First Contact
Explore foundational concepts of graph data structures in Elixir by learning key terms such as nodes and edges. Understand the differences between property graphs and RDF models to prepare for building and querying graphs effectively.
We'll cover the following...
Graphs as networks
Let’s establish some of the terms we’ll use. First of all, when we talk about graphs, we obviously mean networks—not charts. Traditionally the term “graph” has referred to a diagram or plot of one quantity against another. This is the more widely understood sense of the term. But that’s not our concern here. We’ll be using it in its other sense of a data structure used to model relationships between things. That is, we have a set of things and another set of relationships between those things. Those two sets together constitute a graph. In its most general sense, a graph is just a data model for relating a collection of things.
Network vs. Graph
Network | Graph |
Network is the term used in network science. | Graph is the preferred term used in graph theory. |
A network is an engineering implementation of a graph and is typically a dynamical system concerned with a flow, or flows, through the structure. | A graph is typically understood holistically as a static construct. |
Vertex/edge—what?
As noted, there are two components in a graph—things and relationships. In practice, we’ll find many different terms for these graph building blocks:
- vertex/edge: These terms are used in graph theory, a formal theory in math.
- node/link: These terms are used in network science theory.
- node/relationship: These terms are used in the Neo4j graph database.
- node/arc: These terms are used in the RDF graph data model.
- dot/line: These terms are sometimes used for descriptiveness.
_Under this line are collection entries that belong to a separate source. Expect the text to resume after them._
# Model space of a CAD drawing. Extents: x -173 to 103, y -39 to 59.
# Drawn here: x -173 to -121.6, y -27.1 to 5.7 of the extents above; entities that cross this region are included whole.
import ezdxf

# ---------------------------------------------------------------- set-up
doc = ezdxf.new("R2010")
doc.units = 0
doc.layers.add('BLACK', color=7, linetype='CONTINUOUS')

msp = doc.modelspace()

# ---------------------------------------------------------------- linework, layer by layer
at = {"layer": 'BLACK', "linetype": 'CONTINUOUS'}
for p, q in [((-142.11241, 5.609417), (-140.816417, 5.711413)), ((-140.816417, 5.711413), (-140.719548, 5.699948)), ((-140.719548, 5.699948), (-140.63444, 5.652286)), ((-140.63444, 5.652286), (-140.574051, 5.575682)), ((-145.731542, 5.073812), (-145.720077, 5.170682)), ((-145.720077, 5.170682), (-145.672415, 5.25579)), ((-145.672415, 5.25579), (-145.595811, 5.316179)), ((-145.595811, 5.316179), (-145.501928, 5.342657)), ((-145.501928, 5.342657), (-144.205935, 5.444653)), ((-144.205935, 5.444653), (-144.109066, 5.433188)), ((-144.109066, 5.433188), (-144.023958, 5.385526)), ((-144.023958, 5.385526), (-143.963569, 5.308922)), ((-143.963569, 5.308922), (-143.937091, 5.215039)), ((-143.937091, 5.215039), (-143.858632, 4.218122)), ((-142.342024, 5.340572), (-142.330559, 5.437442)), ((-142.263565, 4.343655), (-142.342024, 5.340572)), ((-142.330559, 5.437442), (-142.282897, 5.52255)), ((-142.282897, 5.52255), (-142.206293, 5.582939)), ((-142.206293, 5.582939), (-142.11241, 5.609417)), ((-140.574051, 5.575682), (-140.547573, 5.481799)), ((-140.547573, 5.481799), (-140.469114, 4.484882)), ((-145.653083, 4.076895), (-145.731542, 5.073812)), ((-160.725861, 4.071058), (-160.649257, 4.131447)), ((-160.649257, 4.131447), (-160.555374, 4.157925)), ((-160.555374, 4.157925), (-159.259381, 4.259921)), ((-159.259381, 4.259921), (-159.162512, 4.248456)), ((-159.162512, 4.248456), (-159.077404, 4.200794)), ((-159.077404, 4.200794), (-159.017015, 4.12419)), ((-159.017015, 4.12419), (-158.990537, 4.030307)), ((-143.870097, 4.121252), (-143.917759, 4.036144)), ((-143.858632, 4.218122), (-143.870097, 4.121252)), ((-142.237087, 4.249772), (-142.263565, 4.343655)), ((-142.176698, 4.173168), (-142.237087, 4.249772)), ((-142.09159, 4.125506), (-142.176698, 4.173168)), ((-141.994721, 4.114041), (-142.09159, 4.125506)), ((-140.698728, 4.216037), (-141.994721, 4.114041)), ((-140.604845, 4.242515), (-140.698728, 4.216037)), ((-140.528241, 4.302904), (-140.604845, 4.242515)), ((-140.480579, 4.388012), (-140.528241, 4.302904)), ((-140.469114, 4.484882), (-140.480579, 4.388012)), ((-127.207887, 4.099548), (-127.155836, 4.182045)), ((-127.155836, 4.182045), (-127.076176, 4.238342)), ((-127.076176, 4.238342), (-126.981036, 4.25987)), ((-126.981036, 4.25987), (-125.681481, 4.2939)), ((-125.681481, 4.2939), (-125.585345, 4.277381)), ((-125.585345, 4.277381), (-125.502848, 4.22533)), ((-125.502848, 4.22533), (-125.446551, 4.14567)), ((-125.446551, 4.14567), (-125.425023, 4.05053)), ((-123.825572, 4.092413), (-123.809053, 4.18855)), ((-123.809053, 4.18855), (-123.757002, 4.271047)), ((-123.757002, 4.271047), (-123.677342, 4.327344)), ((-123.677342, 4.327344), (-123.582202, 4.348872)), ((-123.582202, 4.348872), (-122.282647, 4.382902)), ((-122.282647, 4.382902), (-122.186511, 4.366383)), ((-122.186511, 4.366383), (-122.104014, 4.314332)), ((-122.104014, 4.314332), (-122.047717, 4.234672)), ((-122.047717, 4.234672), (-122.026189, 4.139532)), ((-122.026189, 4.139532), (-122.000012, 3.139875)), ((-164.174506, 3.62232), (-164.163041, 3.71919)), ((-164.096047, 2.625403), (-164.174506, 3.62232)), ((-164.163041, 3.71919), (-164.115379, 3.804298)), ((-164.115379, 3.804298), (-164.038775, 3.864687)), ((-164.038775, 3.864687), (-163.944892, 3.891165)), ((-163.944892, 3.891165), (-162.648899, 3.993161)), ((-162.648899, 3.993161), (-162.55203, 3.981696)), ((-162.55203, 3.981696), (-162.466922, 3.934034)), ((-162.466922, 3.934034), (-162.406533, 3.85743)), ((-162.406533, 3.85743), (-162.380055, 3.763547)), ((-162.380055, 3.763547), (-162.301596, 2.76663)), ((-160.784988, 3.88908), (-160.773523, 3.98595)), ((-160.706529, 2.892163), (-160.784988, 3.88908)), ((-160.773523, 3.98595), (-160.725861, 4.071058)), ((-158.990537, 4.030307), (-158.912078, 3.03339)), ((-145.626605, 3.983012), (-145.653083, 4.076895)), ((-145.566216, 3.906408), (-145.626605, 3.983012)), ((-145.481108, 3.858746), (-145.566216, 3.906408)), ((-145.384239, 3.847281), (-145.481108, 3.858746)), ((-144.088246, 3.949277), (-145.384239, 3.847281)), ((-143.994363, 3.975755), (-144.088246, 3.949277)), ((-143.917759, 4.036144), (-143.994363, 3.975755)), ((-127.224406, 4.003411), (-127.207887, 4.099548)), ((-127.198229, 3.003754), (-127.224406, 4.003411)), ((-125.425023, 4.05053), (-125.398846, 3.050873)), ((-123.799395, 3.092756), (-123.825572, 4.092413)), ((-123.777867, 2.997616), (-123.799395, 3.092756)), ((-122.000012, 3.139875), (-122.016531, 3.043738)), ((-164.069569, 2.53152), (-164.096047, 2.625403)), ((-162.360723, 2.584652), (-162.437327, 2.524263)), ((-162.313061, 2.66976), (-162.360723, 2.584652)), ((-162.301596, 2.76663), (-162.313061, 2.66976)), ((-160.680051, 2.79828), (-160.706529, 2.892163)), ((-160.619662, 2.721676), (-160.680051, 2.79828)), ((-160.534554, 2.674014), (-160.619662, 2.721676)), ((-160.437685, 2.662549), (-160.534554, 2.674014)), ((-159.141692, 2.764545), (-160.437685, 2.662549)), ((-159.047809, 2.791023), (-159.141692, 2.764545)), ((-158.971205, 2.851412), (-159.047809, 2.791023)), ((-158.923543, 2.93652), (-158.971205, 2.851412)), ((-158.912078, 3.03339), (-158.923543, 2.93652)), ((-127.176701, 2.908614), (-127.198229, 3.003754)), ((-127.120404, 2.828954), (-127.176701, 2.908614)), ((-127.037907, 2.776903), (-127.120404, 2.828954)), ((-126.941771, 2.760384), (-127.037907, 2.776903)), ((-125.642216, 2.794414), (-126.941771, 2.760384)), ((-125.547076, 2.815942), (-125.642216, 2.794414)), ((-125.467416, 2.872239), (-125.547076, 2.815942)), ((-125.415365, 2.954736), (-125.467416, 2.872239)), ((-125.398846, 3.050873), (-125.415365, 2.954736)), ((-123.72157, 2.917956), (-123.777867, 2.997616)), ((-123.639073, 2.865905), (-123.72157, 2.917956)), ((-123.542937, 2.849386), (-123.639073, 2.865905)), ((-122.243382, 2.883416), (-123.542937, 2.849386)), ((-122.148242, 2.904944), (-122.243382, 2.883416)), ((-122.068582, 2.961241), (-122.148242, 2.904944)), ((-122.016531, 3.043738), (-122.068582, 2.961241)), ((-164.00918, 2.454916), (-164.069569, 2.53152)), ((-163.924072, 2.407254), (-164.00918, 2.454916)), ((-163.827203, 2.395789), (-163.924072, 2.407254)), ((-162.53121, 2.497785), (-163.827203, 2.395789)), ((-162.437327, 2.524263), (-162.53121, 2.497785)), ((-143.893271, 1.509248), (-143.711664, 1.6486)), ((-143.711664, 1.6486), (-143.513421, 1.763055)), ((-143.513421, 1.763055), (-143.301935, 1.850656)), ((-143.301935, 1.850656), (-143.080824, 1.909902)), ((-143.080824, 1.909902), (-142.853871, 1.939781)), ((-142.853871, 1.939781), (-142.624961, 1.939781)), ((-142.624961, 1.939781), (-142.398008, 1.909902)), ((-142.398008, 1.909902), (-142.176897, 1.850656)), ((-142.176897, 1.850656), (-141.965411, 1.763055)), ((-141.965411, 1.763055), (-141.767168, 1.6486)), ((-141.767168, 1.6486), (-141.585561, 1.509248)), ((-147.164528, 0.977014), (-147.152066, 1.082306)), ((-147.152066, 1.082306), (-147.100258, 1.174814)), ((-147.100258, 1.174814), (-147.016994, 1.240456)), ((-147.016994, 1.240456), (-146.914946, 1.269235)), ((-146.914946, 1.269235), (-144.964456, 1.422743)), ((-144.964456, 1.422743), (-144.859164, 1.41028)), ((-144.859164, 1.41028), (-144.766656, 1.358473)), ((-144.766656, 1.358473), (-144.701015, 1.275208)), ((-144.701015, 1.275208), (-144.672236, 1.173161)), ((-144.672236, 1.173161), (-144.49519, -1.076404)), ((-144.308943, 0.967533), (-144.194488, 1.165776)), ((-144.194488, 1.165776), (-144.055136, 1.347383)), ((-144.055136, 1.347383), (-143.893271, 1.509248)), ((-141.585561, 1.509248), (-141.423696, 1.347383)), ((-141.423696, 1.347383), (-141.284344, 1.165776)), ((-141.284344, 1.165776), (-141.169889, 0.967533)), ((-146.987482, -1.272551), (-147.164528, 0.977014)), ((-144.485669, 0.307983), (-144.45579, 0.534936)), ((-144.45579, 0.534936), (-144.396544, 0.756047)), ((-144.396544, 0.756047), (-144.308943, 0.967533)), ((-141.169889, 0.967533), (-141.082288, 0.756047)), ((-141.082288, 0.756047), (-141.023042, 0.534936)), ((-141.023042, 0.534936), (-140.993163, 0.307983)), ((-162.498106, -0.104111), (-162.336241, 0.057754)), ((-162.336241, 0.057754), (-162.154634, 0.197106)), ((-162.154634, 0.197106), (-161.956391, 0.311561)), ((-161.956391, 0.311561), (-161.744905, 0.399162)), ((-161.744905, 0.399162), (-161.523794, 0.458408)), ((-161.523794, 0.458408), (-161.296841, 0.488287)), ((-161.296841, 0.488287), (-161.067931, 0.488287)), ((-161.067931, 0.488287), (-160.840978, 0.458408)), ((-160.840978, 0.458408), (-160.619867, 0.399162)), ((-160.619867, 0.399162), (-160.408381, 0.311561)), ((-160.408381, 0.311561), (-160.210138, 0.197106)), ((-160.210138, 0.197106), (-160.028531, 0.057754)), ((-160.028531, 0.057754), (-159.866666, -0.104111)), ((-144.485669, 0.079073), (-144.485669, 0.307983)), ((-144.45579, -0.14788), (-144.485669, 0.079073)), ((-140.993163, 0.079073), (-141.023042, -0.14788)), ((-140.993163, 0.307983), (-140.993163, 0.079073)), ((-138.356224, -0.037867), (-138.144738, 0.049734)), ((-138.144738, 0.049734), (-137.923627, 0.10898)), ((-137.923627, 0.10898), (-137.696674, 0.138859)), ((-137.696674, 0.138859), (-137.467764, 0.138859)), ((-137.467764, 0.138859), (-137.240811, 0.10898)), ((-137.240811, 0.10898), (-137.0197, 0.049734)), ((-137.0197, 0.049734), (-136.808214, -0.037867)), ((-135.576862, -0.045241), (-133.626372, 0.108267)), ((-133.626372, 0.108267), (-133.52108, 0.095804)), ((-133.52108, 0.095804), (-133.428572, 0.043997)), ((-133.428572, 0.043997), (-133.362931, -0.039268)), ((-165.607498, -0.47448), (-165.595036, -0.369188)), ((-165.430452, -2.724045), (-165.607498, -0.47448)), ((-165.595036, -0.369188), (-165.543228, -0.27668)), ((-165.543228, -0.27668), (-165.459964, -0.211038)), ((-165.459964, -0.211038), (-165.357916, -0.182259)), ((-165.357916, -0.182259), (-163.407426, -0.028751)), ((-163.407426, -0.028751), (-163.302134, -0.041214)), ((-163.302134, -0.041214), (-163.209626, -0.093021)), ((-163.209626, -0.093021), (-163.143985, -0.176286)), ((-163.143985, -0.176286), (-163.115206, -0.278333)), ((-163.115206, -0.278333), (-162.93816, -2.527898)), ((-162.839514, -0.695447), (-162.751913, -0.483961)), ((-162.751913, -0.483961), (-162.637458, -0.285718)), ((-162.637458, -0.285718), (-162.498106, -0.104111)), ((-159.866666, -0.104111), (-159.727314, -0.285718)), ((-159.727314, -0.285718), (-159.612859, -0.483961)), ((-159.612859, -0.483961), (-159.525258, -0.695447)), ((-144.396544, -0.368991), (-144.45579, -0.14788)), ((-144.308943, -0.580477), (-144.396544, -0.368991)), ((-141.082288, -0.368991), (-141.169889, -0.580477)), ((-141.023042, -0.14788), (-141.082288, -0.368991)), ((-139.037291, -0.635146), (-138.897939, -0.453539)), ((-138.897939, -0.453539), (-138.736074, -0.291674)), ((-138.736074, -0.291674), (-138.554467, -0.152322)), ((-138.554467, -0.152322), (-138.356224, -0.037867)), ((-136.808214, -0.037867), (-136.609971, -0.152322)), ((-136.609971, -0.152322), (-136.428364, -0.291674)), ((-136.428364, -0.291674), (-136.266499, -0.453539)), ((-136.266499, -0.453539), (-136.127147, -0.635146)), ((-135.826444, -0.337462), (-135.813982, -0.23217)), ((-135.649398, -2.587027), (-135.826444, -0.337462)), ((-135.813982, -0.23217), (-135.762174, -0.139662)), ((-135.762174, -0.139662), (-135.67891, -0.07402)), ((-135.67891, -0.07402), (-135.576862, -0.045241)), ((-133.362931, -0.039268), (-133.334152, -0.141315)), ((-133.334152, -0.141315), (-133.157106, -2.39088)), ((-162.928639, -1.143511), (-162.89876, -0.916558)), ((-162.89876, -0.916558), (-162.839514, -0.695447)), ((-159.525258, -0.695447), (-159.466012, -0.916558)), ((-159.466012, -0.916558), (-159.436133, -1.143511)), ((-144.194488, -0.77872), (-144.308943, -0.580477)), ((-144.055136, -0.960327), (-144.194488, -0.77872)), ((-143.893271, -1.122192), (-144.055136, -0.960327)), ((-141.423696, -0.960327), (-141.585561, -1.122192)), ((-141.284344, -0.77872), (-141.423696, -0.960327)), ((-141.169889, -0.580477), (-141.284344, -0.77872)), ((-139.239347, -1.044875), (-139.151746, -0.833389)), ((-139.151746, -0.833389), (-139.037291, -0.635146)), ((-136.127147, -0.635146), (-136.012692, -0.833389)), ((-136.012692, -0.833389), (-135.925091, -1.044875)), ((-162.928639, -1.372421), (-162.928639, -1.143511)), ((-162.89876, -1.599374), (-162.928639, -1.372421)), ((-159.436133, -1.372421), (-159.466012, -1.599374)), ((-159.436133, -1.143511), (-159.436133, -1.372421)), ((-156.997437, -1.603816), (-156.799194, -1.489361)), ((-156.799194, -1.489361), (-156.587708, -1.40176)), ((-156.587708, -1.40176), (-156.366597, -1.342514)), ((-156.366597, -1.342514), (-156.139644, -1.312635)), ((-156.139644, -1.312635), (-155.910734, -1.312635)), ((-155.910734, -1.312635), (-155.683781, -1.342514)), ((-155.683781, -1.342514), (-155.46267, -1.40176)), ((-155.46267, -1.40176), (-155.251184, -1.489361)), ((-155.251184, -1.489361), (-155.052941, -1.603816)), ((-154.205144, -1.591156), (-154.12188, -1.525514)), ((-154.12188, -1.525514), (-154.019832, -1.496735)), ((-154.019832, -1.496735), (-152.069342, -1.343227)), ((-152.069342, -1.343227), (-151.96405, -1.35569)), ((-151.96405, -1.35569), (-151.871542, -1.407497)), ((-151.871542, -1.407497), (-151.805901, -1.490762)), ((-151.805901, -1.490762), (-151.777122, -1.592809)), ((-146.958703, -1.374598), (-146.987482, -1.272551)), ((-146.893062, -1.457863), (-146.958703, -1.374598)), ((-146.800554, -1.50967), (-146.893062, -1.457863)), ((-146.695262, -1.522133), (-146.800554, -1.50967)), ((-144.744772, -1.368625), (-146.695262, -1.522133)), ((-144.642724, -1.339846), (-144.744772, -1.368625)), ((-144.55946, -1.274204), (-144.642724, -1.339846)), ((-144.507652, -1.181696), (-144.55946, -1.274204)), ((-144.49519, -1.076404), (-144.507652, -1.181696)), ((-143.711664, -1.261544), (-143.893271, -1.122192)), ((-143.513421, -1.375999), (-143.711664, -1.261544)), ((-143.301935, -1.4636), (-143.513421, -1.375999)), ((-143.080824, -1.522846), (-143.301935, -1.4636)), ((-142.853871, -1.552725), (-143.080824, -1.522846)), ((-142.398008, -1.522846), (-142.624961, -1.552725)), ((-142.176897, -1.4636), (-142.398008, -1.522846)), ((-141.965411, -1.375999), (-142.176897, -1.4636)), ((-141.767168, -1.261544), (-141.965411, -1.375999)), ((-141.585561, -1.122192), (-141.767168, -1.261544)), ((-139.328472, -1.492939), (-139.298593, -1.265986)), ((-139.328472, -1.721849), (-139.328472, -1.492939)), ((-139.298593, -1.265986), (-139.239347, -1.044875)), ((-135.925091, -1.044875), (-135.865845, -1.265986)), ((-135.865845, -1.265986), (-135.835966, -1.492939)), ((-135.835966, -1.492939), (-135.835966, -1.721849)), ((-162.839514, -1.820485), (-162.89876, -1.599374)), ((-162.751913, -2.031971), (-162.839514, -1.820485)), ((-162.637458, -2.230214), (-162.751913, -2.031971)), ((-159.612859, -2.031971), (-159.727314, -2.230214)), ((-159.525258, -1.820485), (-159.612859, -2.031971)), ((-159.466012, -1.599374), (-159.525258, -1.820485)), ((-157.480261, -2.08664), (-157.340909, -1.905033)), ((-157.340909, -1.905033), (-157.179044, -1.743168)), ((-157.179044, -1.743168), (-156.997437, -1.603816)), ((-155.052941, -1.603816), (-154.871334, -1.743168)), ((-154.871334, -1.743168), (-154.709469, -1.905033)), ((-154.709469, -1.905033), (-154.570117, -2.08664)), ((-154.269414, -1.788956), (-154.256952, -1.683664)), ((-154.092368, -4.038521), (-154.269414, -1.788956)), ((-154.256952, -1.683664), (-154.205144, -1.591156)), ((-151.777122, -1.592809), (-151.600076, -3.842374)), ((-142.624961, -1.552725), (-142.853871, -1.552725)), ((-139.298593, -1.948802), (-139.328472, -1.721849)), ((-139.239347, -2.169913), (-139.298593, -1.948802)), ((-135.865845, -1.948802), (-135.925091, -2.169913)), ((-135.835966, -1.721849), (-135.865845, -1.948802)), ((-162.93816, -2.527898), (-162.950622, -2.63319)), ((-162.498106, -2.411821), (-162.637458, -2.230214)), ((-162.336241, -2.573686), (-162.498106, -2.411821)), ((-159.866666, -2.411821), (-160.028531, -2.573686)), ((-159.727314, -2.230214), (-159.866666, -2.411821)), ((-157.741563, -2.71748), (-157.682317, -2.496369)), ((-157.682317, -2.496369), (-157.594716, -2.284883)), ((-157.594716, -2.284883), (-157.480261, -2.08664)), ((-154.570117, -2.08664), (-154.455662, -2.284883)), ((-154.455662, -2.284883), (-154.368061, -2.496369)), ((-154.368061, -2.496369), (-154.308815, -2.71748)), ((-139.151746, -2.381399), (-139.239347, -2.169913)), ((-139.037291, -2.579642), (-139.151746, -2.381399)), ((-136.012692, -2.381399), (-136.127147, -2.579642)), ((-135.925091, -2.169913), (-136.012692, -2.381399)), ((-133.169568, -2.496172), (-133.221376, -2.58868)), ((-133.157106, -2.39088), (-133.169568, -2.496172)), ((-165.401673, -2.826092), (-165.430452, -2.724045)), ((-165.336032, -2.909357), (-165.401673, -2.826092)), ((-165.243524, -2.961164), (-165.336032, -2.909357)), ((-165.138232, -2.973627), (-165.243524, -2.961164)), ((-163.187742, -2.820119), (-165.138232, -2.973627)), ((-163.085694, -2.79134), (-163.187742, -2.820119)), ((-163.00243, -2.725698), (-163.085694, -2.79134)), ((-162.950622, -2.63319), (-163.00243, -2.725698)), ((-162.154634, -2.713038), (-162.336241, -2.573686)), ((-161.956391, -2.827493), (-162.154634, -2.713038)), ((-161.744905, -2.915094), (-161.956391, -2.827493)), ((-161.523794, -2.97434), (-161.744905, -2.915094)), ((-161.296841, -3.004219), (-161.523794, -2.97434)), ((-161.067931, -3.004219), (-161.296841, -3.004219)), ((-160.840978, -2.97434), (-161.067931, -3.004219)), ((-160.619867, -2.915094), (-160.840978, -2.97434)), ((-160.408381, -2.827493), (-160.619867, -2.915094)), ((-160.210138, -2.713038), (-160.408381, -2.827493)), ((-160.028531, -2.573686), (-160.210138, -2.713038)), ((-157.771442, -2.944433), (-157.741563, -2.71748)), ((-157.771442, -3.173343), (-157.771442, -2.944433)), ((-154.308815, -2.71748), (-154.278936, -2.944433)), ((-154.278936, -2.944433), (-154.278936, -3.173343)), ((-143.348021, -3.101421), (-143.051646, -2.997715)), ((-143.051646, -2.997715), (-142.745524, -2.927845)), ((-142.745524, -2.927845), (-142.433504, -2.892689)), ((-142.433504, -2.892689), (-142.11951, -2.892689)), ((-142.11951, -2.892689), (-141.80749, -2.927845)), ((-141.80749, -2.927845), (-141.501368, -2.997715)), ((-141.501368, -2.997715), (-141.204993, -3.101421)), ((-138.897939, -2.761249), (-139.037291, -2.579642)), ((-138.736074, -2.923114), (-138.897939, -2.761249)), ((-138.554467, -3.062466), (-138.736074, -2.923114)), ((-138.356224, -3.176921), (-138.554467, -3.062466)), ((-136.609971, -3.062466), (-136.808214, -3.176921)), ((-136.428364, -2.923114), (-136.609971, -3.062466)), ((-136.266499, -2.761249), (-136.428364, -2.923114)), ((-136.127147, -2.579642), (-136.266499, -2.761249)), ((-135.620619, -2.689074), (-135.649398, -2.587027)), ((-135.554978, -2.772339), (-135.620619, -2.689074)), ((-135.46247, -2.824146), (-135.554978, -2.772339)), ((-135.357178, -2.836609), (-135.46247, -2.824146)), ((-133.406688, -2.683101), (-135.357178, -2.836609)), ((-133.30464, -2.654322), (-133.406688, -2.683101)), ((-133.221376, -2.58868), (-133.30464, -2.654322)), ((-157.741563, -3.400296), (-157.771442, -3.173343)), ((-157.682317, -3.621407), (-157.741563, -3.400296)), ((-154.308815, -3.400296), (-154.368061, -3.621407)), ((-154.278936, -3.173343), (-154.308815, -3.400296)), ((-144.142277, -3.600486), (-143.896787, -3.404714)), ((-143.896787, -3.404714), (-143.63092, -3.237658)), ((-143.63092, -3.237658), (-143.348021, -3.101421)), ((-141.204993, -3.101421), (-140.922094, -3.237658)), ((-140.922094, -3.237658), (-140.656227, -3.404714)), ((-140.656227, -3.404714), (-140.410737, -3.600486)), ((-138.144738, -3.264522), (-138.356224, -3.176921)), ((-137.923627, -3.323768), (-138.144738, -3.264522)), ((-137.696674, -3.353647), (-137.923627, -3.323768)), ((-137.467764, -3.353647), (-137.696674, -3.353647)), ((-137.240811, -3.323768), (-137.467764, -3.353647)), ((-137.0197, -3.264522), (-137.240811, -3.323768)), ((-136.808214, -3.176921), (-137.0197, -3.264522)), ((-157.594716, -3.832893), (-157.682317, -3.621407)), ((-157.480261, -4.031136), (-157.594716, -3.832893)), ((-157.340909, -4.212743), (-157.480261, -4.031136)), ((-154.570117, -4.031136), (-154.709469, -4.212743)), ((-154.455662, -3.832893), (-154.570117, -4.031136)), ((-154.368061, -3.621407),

- object/arrow: These terms are used in category theory, a foundational theory in math (a category is just a graph with additional structure).
But it really doesn’t matter which terms we use. It’s probably best to keep the vertex/edge pairing when dealing with topics in graph theory and to use the node/link pairing when talking about networks. We, however, are going to use the terms node and edge, although we’ll sometimes use the term vertex for node.
Graph models
Of course, there is more to all this than just nodes and edges. There are code libraries for modeling graphs and for running graph algorithms. Then there are graph databases that implement particular graph models. There are two main graph models that are supported by graph databases—the property graph model, sometimes referred to as the labeled property graph, and the RDF model. We can list out a direct feature comparison between these two graph models as shown in the following table:
Feature Comparison Between Property and RDF Graph Models
Features | Property Graph | RDF |
Sponsor | Industry | W3C |
Standards | No | Yes |
Field of origin | Database | Documents (web) |
Published | 2007? | 1999 |
Strength | Graph exploration | Data integration |
Query language | Cypher, Gremlin | SPARQL |
Names | System | Global (IRI) |
Annotations Nodes Edges | Attributes Attributes | Edges (with string nodes) — |
This obviously is an oversimplification of the current position. For example, although property graphs are not standards-based, there is ongoing work to surface aspects of the model within various standards bodies. At the same time, there is the new development of RDF* (with SPARQL*), which seeks to close the gap between property graphs and RDF graphs by addressing the edge annotation problem.
We need to look more closely at the different graph models as we explore the actual graph packages.